WORK ITEM -> Return each line of the entries that mentions the word "sketch".

EXTRACTED RECORDS ->
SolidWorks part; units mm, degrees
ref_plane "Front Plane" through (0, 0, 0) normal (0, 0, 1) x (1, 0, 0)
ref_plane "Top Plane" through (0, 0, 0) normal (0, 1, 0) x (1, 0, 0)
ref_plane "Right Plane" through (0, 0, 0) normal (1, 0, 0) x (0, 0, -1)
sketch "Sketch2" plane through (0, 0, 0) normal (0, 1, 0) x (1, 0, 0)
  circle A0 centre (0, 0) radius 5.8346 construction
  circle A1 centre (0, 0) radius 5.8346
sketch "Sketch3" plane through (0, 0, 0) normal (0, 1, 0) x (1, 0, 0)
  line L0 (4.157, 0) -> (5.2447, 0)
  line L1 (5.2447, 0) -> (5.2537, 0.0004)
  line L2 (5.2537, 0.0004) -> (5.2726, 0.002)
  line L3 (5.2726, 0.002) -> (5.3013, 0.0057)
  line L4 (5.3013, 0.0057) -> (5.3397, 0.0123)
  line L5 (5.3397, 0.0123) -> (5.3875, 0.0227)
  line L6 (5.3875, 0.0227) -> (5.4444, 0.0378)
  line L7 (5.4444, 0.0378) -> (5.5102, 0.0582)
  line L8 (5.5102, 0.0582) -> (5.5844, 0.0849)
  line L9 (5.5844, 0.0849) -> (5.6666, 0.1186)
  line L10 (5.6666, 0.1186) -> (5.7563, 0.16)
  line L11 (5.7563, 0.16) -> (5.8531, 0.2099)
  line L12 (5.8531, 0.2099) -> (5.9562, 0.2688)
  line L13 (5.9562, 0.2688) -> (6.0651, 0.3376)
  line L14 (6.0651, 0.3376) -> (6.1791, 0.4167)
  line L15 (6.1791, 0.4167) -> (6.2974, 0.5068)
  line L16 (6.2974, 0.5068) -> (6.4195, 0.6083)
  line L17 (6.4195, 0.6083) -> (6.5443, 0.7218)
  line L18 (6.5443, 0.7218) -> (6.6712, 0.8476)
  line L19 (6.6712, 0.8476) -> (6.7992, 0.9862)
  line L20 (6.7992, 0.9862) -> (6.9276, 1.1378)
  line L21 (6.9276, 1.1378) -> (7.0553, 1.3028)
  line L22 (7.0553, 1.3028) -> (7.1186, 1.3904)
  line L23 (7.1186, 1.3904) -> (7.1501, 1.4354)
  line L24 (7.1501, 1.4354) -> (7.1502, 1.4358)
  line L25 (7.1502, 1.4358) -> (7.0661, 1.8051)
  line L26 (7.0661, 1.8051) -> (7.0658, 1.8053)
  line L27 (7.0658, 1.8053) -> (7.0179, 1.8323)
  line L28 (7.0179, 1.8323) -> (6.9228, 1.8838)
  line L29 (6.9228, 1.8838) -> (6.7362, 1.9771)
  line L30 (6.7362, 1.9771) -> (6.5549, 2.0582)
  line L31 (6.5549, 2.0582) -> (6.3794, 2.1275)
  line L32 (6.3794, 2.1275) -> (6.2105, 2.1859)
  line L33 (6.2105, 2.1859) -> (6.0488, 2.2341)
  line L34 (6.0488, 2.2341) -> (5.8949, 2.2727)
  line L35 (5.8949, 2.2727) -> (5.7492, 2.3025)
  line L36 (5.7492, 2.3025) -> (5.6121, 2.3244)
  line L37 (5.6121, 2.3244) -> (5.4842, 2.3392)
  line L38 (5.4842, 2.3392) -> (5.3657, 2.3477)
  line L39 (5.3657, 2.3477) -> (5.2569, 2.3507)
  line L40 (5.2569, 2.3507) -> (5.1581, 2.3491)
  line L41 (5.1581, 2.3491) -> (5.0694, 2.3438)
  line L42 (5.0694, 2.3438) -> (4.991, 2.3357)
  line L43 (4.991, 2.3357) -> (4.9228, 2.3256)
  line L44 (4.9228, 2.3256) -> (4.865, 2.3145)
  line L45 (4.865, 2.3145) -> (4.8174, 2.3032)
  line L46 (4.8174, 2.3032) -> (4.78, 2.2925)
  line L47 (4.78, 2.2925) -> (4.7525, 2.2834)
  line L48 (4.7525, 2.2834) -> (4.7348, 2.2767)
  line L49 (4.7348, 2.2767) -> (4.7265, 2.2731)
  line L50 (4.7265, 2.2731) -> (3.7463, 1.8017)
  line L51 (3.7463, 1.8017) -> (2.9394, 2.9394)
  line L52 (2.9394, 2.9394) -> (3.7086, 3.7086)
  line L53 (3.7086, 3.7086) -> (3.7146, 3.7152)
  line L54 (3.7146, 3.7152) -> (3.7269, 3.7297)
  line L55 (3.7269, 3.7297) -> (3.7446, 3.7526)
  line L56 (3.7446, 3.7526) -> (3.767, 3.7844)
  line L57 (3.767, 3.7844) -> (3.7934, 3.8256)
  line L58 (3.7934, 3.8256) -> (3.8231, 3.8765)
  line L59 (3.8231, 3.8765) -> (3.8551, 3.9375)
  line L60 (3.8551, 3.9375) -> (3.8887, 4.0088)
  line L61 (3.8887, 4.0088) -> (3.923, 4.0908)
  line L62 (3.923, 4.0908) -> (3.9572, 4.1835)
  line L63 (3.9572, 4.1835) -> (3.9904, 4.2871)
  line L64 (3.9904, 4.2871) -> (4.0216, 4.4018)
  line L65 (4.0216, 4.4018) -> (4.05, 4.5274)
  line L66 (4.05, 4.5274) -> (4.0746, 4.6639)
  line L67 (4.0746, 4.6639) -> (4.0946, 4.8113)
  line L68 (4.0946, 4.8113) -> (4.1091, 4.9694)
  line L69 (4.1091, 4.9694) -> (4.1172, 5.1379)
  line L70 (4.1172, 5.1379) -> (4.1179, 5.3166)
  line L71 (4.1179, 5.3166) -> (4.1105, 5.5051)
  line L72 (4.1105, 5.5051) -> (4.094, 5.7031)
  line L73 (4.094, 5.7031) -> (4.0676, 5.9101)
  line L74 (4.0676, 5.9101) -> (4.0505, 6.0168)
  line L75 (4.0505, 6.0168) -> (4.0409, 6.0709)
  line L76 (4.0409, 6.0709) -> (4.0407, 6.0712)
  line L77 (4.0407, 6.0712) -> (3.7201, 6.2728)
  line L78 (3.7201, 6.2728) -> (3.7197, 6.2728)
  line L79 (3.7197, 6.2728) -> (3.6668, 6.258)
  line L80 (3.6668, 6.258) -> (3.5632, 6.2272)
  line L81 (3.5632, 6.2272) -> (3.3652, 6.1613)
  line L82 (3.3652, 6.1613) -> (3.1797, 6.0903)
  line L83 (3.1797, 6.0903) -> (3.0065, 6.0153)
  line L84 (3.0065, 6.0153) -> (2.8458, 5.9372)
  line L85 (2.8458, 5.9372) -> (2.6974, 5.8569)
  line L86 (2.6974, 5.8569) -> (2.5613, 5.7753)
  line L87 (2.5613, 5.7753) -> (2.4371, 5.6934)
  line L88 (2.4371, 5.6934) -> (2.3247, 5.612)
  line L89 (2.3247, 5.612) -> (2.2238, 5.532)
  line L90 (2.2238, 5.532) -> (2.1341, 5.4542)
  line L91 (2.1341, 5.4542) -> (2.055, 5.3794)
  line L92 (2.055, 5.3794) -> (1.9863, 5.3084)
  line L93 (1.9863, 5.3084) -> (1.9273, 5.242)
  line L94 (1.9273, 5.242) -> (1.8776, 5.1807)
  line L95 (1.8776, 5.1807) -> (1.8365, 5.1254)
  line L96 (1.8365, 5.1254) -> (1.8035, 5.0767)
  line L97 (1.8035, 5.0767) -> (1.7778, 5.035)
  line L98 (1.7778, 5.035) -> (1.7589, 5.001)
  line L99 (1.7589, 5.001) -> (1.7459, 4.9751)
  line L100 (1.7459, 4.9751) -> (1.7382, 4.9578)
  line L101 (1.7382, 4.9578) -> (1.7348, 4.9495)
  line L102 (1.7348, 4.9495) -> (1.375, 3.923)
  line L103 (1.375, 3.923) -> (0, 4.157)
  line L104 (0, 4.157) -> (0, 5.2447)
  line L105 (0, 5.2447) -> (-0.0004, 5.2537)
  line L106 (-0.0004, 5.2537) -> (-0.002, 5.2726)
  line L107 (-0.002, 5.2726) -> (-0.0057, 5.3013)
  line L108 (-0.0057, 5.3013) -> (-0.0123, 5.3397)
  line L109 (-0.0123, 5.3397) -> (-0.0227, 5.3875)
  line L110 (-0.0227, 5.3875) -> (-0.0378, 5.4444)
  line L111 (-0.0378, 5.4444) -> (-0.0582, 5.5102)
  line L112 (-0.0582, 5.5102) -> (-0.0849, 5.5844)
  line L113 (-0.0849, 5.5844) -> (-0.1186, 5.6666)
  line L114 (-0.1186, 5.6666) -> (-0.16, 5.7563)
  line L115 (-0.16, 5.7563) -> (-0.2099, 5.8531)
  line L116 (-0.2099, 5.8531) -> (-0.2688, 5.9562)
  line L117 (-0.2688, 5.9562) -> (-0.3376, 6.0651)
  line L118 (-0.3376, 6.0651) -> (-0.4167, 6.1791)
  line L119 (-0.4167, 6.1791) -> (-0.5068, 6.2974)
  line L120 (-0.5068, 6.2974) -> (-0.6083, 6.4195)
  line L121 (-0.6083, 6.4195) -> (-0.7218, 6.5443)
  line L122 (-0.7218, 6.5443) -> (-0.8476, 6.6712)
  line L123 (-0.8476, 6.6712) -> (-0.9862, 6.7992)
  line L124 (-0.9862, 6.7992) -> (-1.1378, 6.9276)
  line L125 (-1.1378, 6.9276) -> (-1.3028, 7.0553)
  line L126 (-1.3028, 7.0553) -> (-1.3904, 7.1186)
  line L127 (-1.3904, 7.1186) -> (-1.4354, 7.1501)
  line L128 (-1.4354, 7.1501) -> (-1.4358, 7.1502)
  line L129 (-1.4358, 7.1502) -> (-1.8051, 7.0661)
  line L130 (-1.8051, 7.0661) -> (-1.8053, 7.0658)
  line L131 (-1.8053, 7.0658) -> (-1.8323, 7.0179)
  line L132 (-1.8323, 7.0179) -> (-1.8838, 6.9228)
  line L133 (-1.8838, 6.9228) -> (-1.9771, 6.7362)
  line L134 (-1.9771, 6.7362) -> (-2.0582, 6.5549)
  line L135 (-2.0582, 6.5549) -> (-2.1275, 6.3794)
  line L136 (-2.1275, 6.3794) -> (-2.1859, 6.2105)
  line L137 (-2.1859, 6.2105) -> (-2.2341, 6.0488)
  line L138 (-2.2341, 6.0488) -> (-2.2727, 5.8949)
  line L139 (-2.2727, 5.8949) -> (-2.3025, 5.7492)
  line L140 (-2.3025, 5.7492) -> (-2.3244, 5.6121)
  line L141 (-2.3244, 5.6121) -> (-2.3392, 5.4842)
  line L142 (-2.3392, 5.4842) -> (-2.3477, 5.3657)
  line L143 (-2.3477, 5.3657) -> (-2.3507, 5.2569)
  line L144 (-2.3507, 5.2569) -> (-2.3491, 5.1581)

ANSWER SPACE ->
sketch "Sketch2" plane through (0, 0, 0) normal (0, 1, 0) x (1, 0, 0)
sketch "Sketch3" plane through (0, 0, 0) normal (0, 1, 0) x (1, 0, 0)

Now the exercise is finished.